Al di là dell’altezza e della difficoltà delle montagne che ho scalato, al di là dei prestigio sportivo che se ne ricava, è questo uno degli aspetti più belli dell’alpinismo in giro per il mondo: l’incontro con realtà e persone diverse da noi e dal quale si può imparare molto e che mi dispiace sempre lasciare quando è ora di tornare a casa.
Penso che avvicinarsi a quelle persone e a quei luoghi estremamente ospitali in punta di piedi e con umiltà, in definitiva ti offre proprio questo: un sentimento di comprensione profonda e di reciproco rispetto con le persone e con la natura che così ti apre lo scrigno dei suoi segreti e te li regala. Niente altro!
Le stesse intense emozioni e le sensazioni di comprensione della natura le ho sempre provate e continuo a provarle anche sulle montagne della nostra Valle; dall’ultima via nuova, aperta qualche giorno fa sulla parete sud del Cornetto ("Alce Nero parla" 200 m. difficoltà 8° grado) alle domeniche estive di venti anni fa, quando partivo da solo alla scoperta dei Vajo dei Colori o della Vai delle Prigioni con quindici panini nello zaino (dico 15!), sognando di essere sulle Ande o in Himalaya, macinando chilometri a piedi senza incontrare anima viva e tornando a casa tardi e affamato (nonostante i panini) con la mamma preoccupata ma felice di vedermi sano e salvo.

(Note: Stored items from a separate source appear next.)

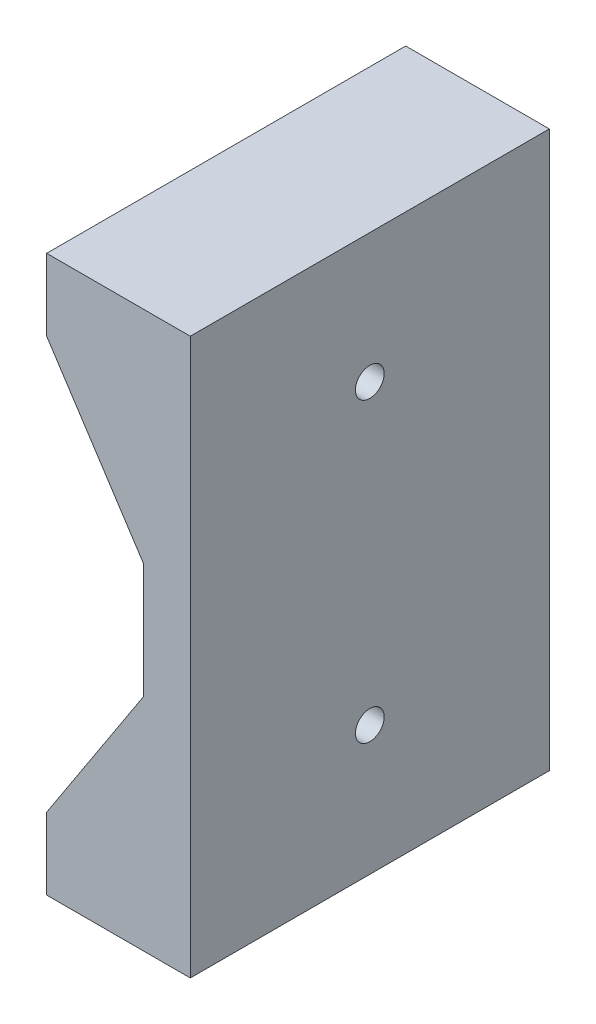
SolidWorks part; units mm, degrees
ref_plane "Front Plane" through (0, 0, 0) normal (0, 0, 1) x (1, 0, 0)
ref_plane "Top Plane" through (0, 0, 0) normal (0, 1, 0) x (1, 0, 0)
ref_plane "Right Plane" through (0, 0, 0) normal (1, 0, 0) x (0, 0, -1)
sketch "Sketch1" plane through (15, 0, 0) normal (1, 0, 0) x (0, 0, -1)
  line L0 (-55.1107, 20.7) -> (-55.1107, 38.7) construction
  line L1 (-80.1107, 38.7) -> (-30.1107, 38.7)
  line L2 (-80.1107, 38.7) -> (-80.1107, -38.7)
  line L3 (-80.1107, -38.7) -> (-30.1107, -38.7)
  line L4 (-30.1107, 38.7) -> (-30.1107, -38.7)
  line L5 (0, 0) -> (-80.1107, 0) construction
  circle A0 centre (-55.1107, 20.7) radius 2
  circle A1 centre (-55.1107, -20.7) radius 2
  point P10 (-30.1107, 0)
  dimension "D3" = 4
  dimension "D1" = 18
  dimension "D2" = 50
extrude "Boss-Extrude1" add sketch "Sketch1" against normal blind 3
sketch "Sketch2" plane through (12, 0, 0) normal (-1, 0, 0) x (0, 0, 1)
  line L0 (80.1107, 38.7) -> (80.1107, -38.7) construction
  line L1 (30.1107, 38.7) -> (80.1107, 38.7)
  line L2 (30.1107, 38.7) -> (30.1107, 28.7)
  line L3 (30.1107, 28.7) -> (42.4221, 28.7)
  line L4 (80.1107, 38.7) -> (80.1107, 28.7)
  line L5 (67.7993, 28.7) -> (80.1107, 28.7)
  line L6 (30.1107, 33.7) -> (80.1107, 33.7) construction
  arc A0 (42.4221, 28.7) -> (67.7993, 28.7) centre (55.1107, 20.7) cw
  circle A1 centre (34.1107, 33.7) radius 1.75
  circle A2 centre (41.1107, 33.7) radius 1.75
  circle A3 centre (69.1107, 33.7) radius 1.75
  circle A4 centre (76.1107, 33.7) radius 1.75
  dimension "D2" = 15
  dimension "D3" = 3.5
  dimension "D1" = 10
  dimension "D4" = 4
  dimension "D5" = 7
  dimension "D7" = 4
  dimension "D8" = 7
extrude "Boss-Extrude2" add sketch "Sketch2" along normal blind 17
mirror "Mirror1" about plane through (0, 0, 0) normal (0, 1, 0) of "Boss-Extrude2"
sketch "Sketch3" plane through (12, 0, 0) normal (-1, 0, 0) x (0, 0, 1)
  line L0 (80.1107, 28.7) -> (80.1107, -28.7) construction
  line L1 (80.1107, 8) -> (30.1107, 8)
  line L2 (80.1107, 8) -> (80.1107, -8)
  line L3 (80.1107, -8) -> (30.1107, -8)
  line L4 (30.1107, 8) -> (30.1107, -8)
  line L5 (200, 8) -> (0, 8) construction
  line L6 (30.1107, -28.7) -> (30.1107, 28.7) construction
  line L7 (200, -8) -> (0, -8) construction
extrude "Boss-Extrude3" add sketch "Sketch3" along normal blind 3.5
fillet "Fillet1" [suppressed] radius 10
chamfer "Chamfer1" [suppressed] distance 15 angle 60
sketch "Sketch4" [suppressed] plane through (8.5, 0, 0) normal (-1, 0, 0) x (0, 0, 1)
  line L0 (80.1107, 8) -> (30.1107, 8) construction
  line L1 (36.1107, 8) -> (74.1107, 8)
  line L2 (36.1107, 8) -> (36.1107, -8)
  line L3 (36.1107, -8) -> (74.1107, -8)
  line L4 (74.1107, 8) -> (74.1107, -8)
  line L5 (30.1107, -8) -> (80.1107, -8) construction
  line L6 (30.1107, 8) -> (30.1107, -8) construction
  line L7 (80.1107, -8) -> (80.1107, 8) construction
  dimension "D1" = 6
  dimension "D2" = 6
extrude "Cut-Extrude1" [suppressed] cut sketch "Sketch4" against normal up to surface (3.5 mm away)
sketch "Sketch5" [suppressed] plane through (8.5, 0, 0) normal (-1, 0, 0) x (0, 0, 1)
  line L0 (47.1289, 8) -> (30.1107, 8) construction
  line L1 (38.1107, 8) -> (72.1107, 8)
  line L2 (38.1107, 8) -> (38.1107, -8)
  line L3 (38.1107, -8) -> (72.1107, -8)
  line L4 (72.1107, 8) -> (72.1107, -8)
  line L5 (30.1107, -8) -> (80.1107, -8) construction
  line L6 (30.1107, 8) -> (30.1107, -8) construction
  line L7 (80.1107, -8) -> (80.1107, 8) construction
  dimension "D1" = 8
  dimension "D2" = 8
extrude "Cut-Extrude2" [suppressed] cut sketch "Sketch5" against normal up to surface (3.5 mm away)
fillet "Fillet2" [suppressed] radius 14
fillet "Fillet4" [suppressed] radius 21
sketch "Sketch6" plane through (8.5, 0, 0) normal (-1, 0, 0) x (0, 0, 1)
  line L0 (80.1107, 8) -> (30.1107, 8) construction
  line L1 (40.1107, 8) -> (70.1107, 8)
  line L2 (40.1107, 8) -> (40.1107, -8)
  line L3 (40.1107, -8) -> (70.1107, -8)
  line L4 (70.1107, 8) -> (70.1107, -8)
  line L5 (30.1107, -8) -> (80.1107, -8) construction
  line L6 (30.1107, 8) -> (30.1107, -8) construction
  line L7 (80.1107, -8) -> (80.1107, 8) construction
  dimension "D1" = 10
  dimension "D2" = 10
extrude "Cut-Extrude3" cut sketch "Sketch6" against normal up to surface (3.5 mm away) up to face at (12, 20.7, 53.1107)
loft "Loft2" add section face at (3.5, 28.7, 36.2664) section face at (10.25, 8, 35.1107)
loft "Loft3" add section face at (10.25, 8, 75.1107) section face at (3.5, 28.7, 73.955)
loft "Loft4" add section face at (10.25, -8, 35.1107) section face at (3.5, -28.7, 36.2664)
loft "Loft5" add section face at (3.5, -28.7, 73.955) section face at (10.25, -8, 75.1107)
equation "\"2o\"=30"
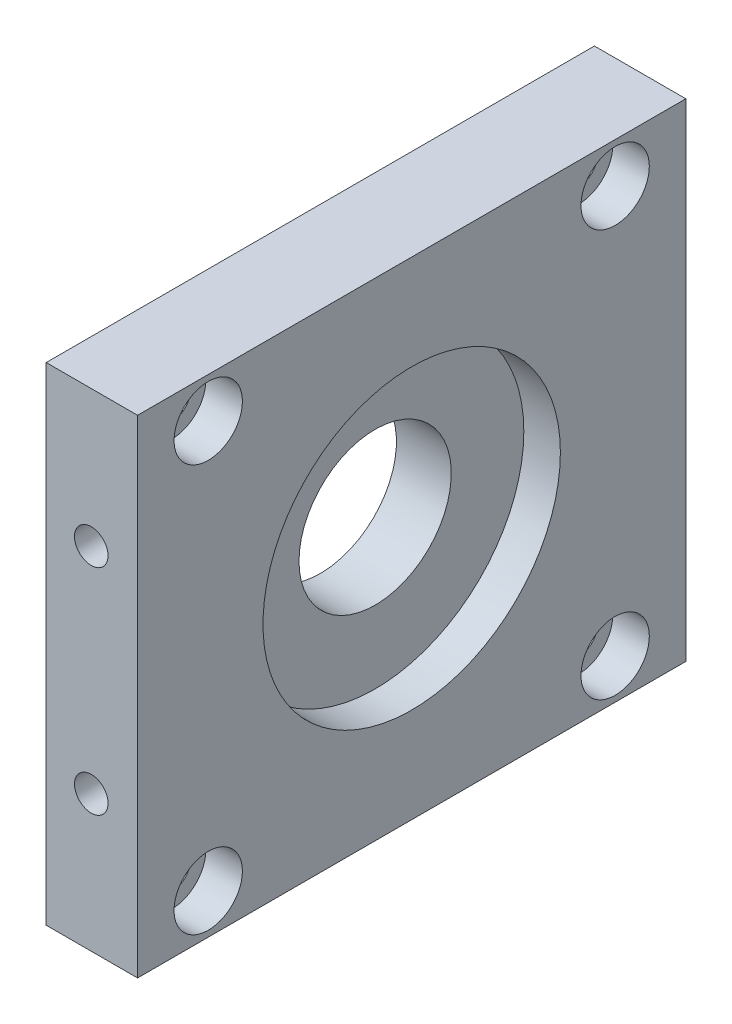
SolidWorks part; units mm, degrees
ref_plane "Front Plane" through (0, 0, 0) normal (1, 0, 0) x (0, 1, 0)
ref_plane "Top Plane" through (0, 0, 0) normal (0, 0, 1) x (0, 1, 0)
ref_plane "Right Plane" through (0, 0, 0) normal (0, 1, 0) x (-1, 0, 0)
sketch "Sketch1" plane through (0, 0, 0) normal (1, 0, 0) x (0, 1, 0)
  line L1 (0, 0) -> (101.6, 0)
  line L2 (0, 0) -> (0, 114.3)
  line L3 (0, 114.3) -> (101.6, 114.3)
  line L4 (101.6, 0) -> (101.6, 114.3)
  dimension "D1" = 114.3
  dimension "D2" = 101.6
extrude "Boss-Extrude1" add sketch "Sketch1" along normal blind 19.05
sketch "Sketch2" plane through (19.05, 0, 0) normal (1, 0, 0) x (0, 1, 0)
  line L0 (0, 114.3) -> (50.8, 114.3) construction
  line L1 (101.6, 114.3) -> (0, 114.3) construction
  line L2 (50.8, 114.3) -> (50.8, 0) construction
  line L3 (0, 0) -> (101.6, 0) construction
  circle A0 centre (50.8, 57.15) radius 30.9999
  dimension "D1" = 61.9999
extrude "Cut-Extrude1" cut sketch "Sketch2" against normal blind 7.62
sketch "Sketch4" plane through (0, 0, 0) normal (-1, 0, 0) x (0, -1, 0)
  line L0 (-101.6, 114.3) -> (-50.8, 114.3) construction
  line L1 (-101.6, 114.3) -> (0, 114.3) construction
  line L2 (-50.8, 114.3) -> (-50.8, 0) construction
  line L3 (0, 0) -> (-101.6, 0) construction
  circle A0 centre (-50.8, 57.15) radius 15.875
  dimension "D1" = 31.75
extrude "Cut-Extrude2" cut sketch "Sketch4" against normal through all
sketch "Sketch5" plane through (19.05, 0, 0) normal (1, 0, 0) x (0, 1, 0)
  line L0 (0, 99.568) -> (0, 14.732) construction
  line L1 (0, 114.3) -> (0, 0) construction
  line L2 (101.6, 99.568) -> (101.6, 14.732) construction
  line L3 (101.6, 0) -> (101.6, 114.3) construction
  line L4 (0, 99.568) -> (8.382, 99.568) construction
  line L5 (101.6, 99.568) -> (93.218, 99.568) construction
  line L6 (101.6, 14.732) -> (93.218, 14.732) construction
  line L7 (0, 14.732) -> (8.382, 14.732) construction
  line L8 (8.382, 0) -> (93.218, 0) construction
  line L9 (0, 0) -> (101.6, 0) construction
  line L11 (93.218, 0) -> (93.218, 14.732) construction
  line L13 (8.382, 0) -> (8.382, 14.732) construction
  circle A0 centre (8.382, 99.568) radius 4.0005
  circle A1 centre (93.218, 99.568) radius 4.0005
  circle A2 centre (93.218, 14.732) radius 4.0005
  circle A3 centre (8.382, 14.732) radius 4.0005
  point P5 (0, 57.15)
  point P10 (101.6, 57.15)
  point P11 (8.382, 99.568)
  point P12 (93.218, 99.568)
  point P13 (93.218, 14.732)
  point P14 (8.382, 14.732)
  point P25 (0, 57.15)
  point P75 (50.8, 0)
  dimension "D7" = 8.001
  dimension "D8" = 8.001
  dimension "D9" = 8.001
  dimension "D10" = 8.001
  dimension "D1" = 84.836
  dimension "D2" = 84.836
  dimension "D3" = 8.382
  dimension "D4" = 8.382
  dimension "D5" = 8.382
  dimension "D6" = 8.382
  dimension "D11" = 84.836
extrude "Cut-Extrude4" cut sketch "Sketch5" against normal through all contours A0 | A2 | A1 | A3
sketch "Sketch10" plane through (19.05, 0, 0) normal (1, 0, 0) x (0, 1, 0)
  circle A0 centre (8.382, 99.568) radius 7.125
  circle A1 centre (93.218, 99.568) radius 7.125
  circle A2 centre (93.218, 14.732) radius 7.125
  circle A3 centre (8.382, 14.732) radius 7.125
  dimension "D1" = 14.25
  dimension "D2" = 14.25
  dimension "D3" = 14.25
  dimension "D4" = 14.25
extrude "Cut-Extrude5" cut sketch "Sketch10" against normal blind 7.62
sketch "Sketch15" plane through (0, 0, 114.3) normal (0, 0, 1) x (1, 0, 0)
  line L0 (0, 0) -> (0, 28.448) construction
  line L1 (0, 101.6) -> (0, 0) construction
  line L2 (0, 28.448) -> (9.398, 28.448) construction
  line L3 (0, 101.6) -> (0, 73.152) construction
  line L4 (0, 73.152) -> (9.398, 73.152) construction
  point P6 (9.398, 28.448)
  point P10 (9.398, 73.152)
  dimension "D1" = 28.448
  dimension "D2" = 9.398
hole_wizard "Tap Drill for M8x1.0 Tap2" positions "Sketch15" profile "Sketch16" hole size "M8x1.0" standard "ANSI Metric"
sketch "Sketch16" plane through (9.398, 73.152, 114.3) normal (1, 0, 0) x (0, -1, 0)
  line L0 (0, 0) -> (0, 27.503)
  line L1 (0, 27.503) -> (3.5, 25.4)
  line L2 (3.5, 25.4) -> (3.5, 0)
  line L5 (3.5, 0) -> (0, 0)
  line L10 (0, 27.503) -> (-3.5, 25.4) construction
  line L11 (0, -6.35) -> (0, 107.95) construction
  dimension "Hole Dia." = 7
  dimension "Hole Depth" = 25.4
  dimension "Drill Angle" = 118
sketch "Sketch17" plane through (0, 0, 0) normal (0, 0, -1) x (1, 0, 0)
  line L0 (0, 0) -> (0, -28.448) construction
  line L1 (0, 0) -> (0, -101.6) construction
  line L2 (0, -28.448) -> (9.398, -28.448) construction
  line L3 (0, -101.6) -> (0, -73.152) construction
  line L4 (0, -73.152) -> (9.398, -73.152) construction
  point P6 (9.398, -28.448)
  point P10 (9.398, -73.152)
  dimension "D1" = 28.448
  dimension "D2" = 9.398
  dimension "D3" = 28.448
  dimension "D4" = 9.398
hole_wizard "Tap Drill for M8x1.0 Tap3" positions "Sketch17" profile "Sketch18" hole size "M8x1.0" standard "ANSI Metric"
sketch "Sketch18" plane through (9.398, 73.152, 0) normal (1, 0, 0) x (0, 1, 0)
  line L0 (0, 0) -> (0, 27.503)
  line L1 (0, 27.503) -> (3.5, 25.4)
  line L2 (3.5, 25.4) -> (3.5, 0)
  line L5 (3.5, 0) -> (0, 0)
  line L10 (0, 27.503) -> (-3.5, 25.4) construction
  line L11 (0, -6.35) -> (0, 107.95) construction
  dimension "Hole Dia." = 7
  dimension "Hole Depth" = 25.4
  dimension "Drill Angle" = 118
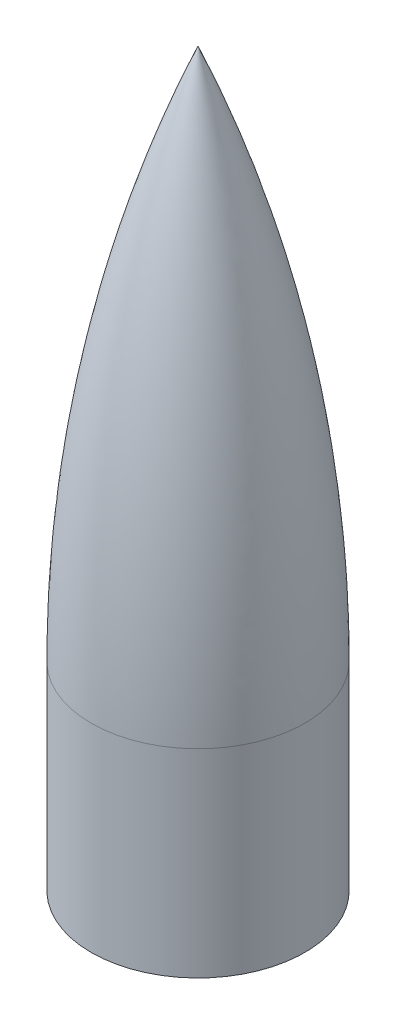
SolidWorks part; units mm, degrees
other "Markup1"
sketch "Sketch4" plane through (78.16, -154.2442, 78.16) normal (0.9651, -0.1718, 0.1975) x (-0.1686, -0.9851, -0.0334)
material "A-Glass Fiber"
ref_plane "Front Plane" through (0, 0, 0) normal (0, 0, 1) x (1, 0, 0)
ref_plane "Top Plane" through (0, 0, 0) normal (0, 1, 0) x (1, 0, 0)
ref_plane "Right Plane" through (0, 0, 0) normal (1, 0, 0) x (0, 0, -1)
sketch "Sketch1" plane through (0, 0, 0) normal (0, 0, 1) x (1, 0, 0)
  line L3 (0, 0) -> (0, 398.8705) construction
  line L6 (0, 400) -> (0, 402.7567)
  line L9 (0, 400) -> (0, 396.4892)
  line L10 (78.35, 0) -> (-964.0394, 0) construction
  line L11 (0, 411.0234) -> (0, 614.1078) construction
  line L14 (78.35, 0) -> (78.35, -150)
  line L15 (78.35, -150) -> (80.75, -150)
  line L16 (80.75, 0) -> (80.75, -150)
  arc A0 (78.35, 0) -> (0, 396.4892) centre (-964.0394, 0) ccw
  arc A1 (80.75, 0) -> (0, 402.7567) centre (-964.0394, 0) ccw
  circle A2 centre (-964.0394, 0) radius 1042.3894 construction
  circle A3 centre (-964.0394, 0) radius 1044.7894 construction
  point P11 (0, 400)
  dimension "D5" = 1042.3894
  dimension "D1" = 400
  dimension "D2" = 3.5108
  dimension "D3" = 2.4
  dimension "D4" = 78.35
  dimension "D6" = 150
  dimension "D7" = 2.4
revolve "Revolve3" add sketch "Sketch1" angle 360 about L6

Ora la mamma non c’e più.... E con essa anche altre persone a cui volevo bene.
Sono sicuro che l’andare in montagna mi ha aiutato ad andare avanti, anche se non passa nemmeno un giorno che io ripensi a loro con nostalgia.
L’alpinismo in definitiva mi ha dato la possibilità di esprimermi e soprattutto di fare qualche cosa di bello e che forse renderebbe orgogliosi i miei cari che non ci sono più.